The minimum worth of a business a buyer wishes to purchase can also be calculated using the liquidation value. Again, the price paid establishes the lower limit of likely bid amounts, even if it is unlikely that the price paid will be this value.


When a firm is being liquidated, it is very important to sell its assets quickly and at the best price possible. However, the different variations are impacted by different times; therefore, one could be better in certain situations.

Orderly based is when the liquidation process is carried out in a planned approach. This is also known as OLV. The firm, the seller in this situation, invests a certain amount of time in identifying and assessing potential purchasers and their potential offers.

OLV is when a firm gets an agent who will try and sell the tangible assets to the best purchaser available. This process is done within a reasonable amount of time, and the firm gives the agent a cut-off date for when the assets should be sold.

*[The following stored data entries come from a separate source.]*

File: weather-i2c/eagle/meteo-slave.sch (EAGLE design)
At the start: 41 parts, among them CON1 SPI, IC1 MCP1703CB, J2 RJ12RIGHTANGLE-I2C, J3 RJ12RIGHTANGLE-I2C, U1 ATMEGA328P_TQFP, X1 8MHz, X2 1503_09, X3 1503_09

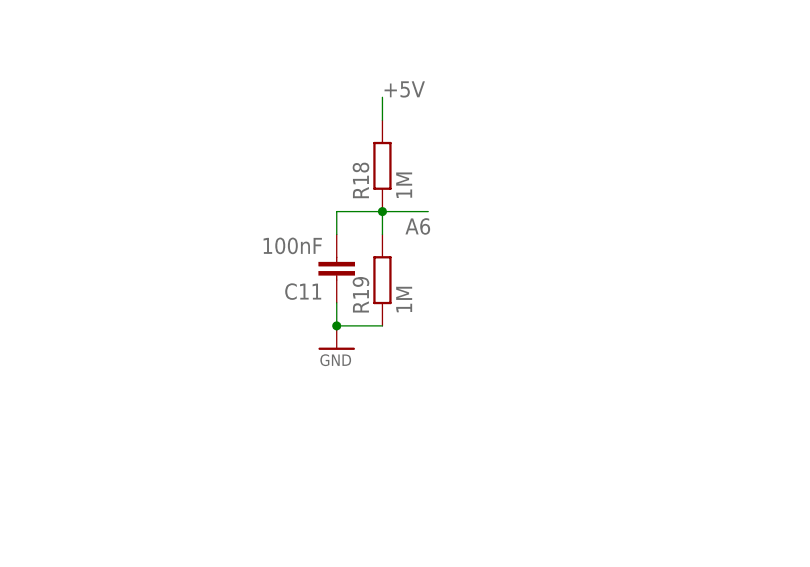
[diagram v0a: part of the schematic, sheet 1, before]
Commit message: weather-i2c: fix voltage check resistor value
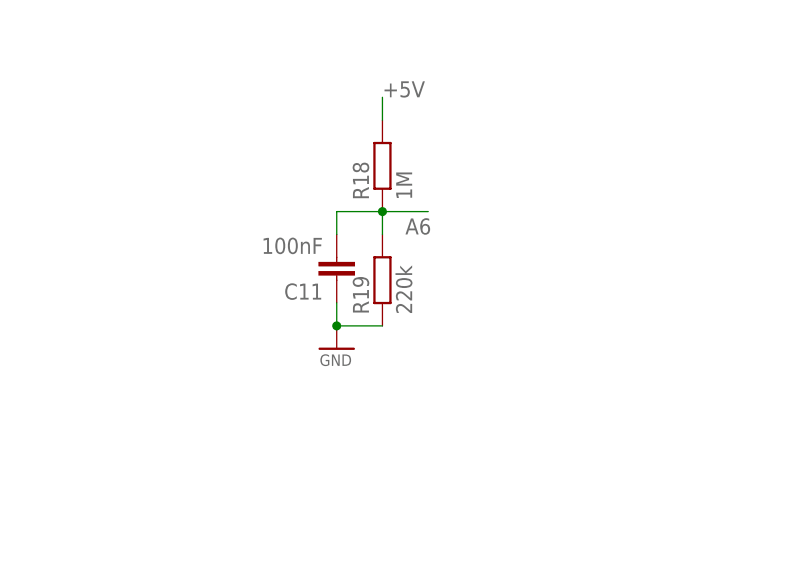
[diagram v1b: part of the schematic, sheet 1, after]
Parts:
- R19: value 1M -> 220k
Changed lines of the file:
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@@
 <?xml version="1.0" encoding="utf-8"?>
 <!DOCTYPE eagle SYSTEM "eagle.dtd">
-<eagle version="9.0.0">
+<eagle version="9.1.0">
 <drawing>
 <settings>
@@
 <attribute name="LCSC" value="C17514"/>
 </part>
-<part name="R19" library="rcl" deviceset="R-EU_" device="R0805" value="1M">
+<part name="R19" library="rcl" deviceset="R-EU_" device="R0805" value="220k">
 <attribute name="ELECROW" value="C17514"/>
 <attribute name="LCSC" value="C17514"/>

The agent must get the best offer possible for the firm.

Another variation is the forced process, also known as FLV. This process occurs if the firm sells all of its assets quickly, usually in an auction process.

The FLV process estimates the company's financial position under the worst-case scenario. The firm uses the FLV to know what the assets are worth if they sell them quickly. Usually, they are cheap.

Due to many issues with the FLV, the company's forced liquidation value will frequently be less than 25% of its true market value. This value is, therefore, mostly utilized for financial measurements and rough estimates.

Lastly, another variation is called the replacement value, known as the cost approach. This variation is usually used for property.

When an informed buyer wants to make an offer on a company’s property that they are willing to sell, he will not offer a price higher than it could take him to build that building.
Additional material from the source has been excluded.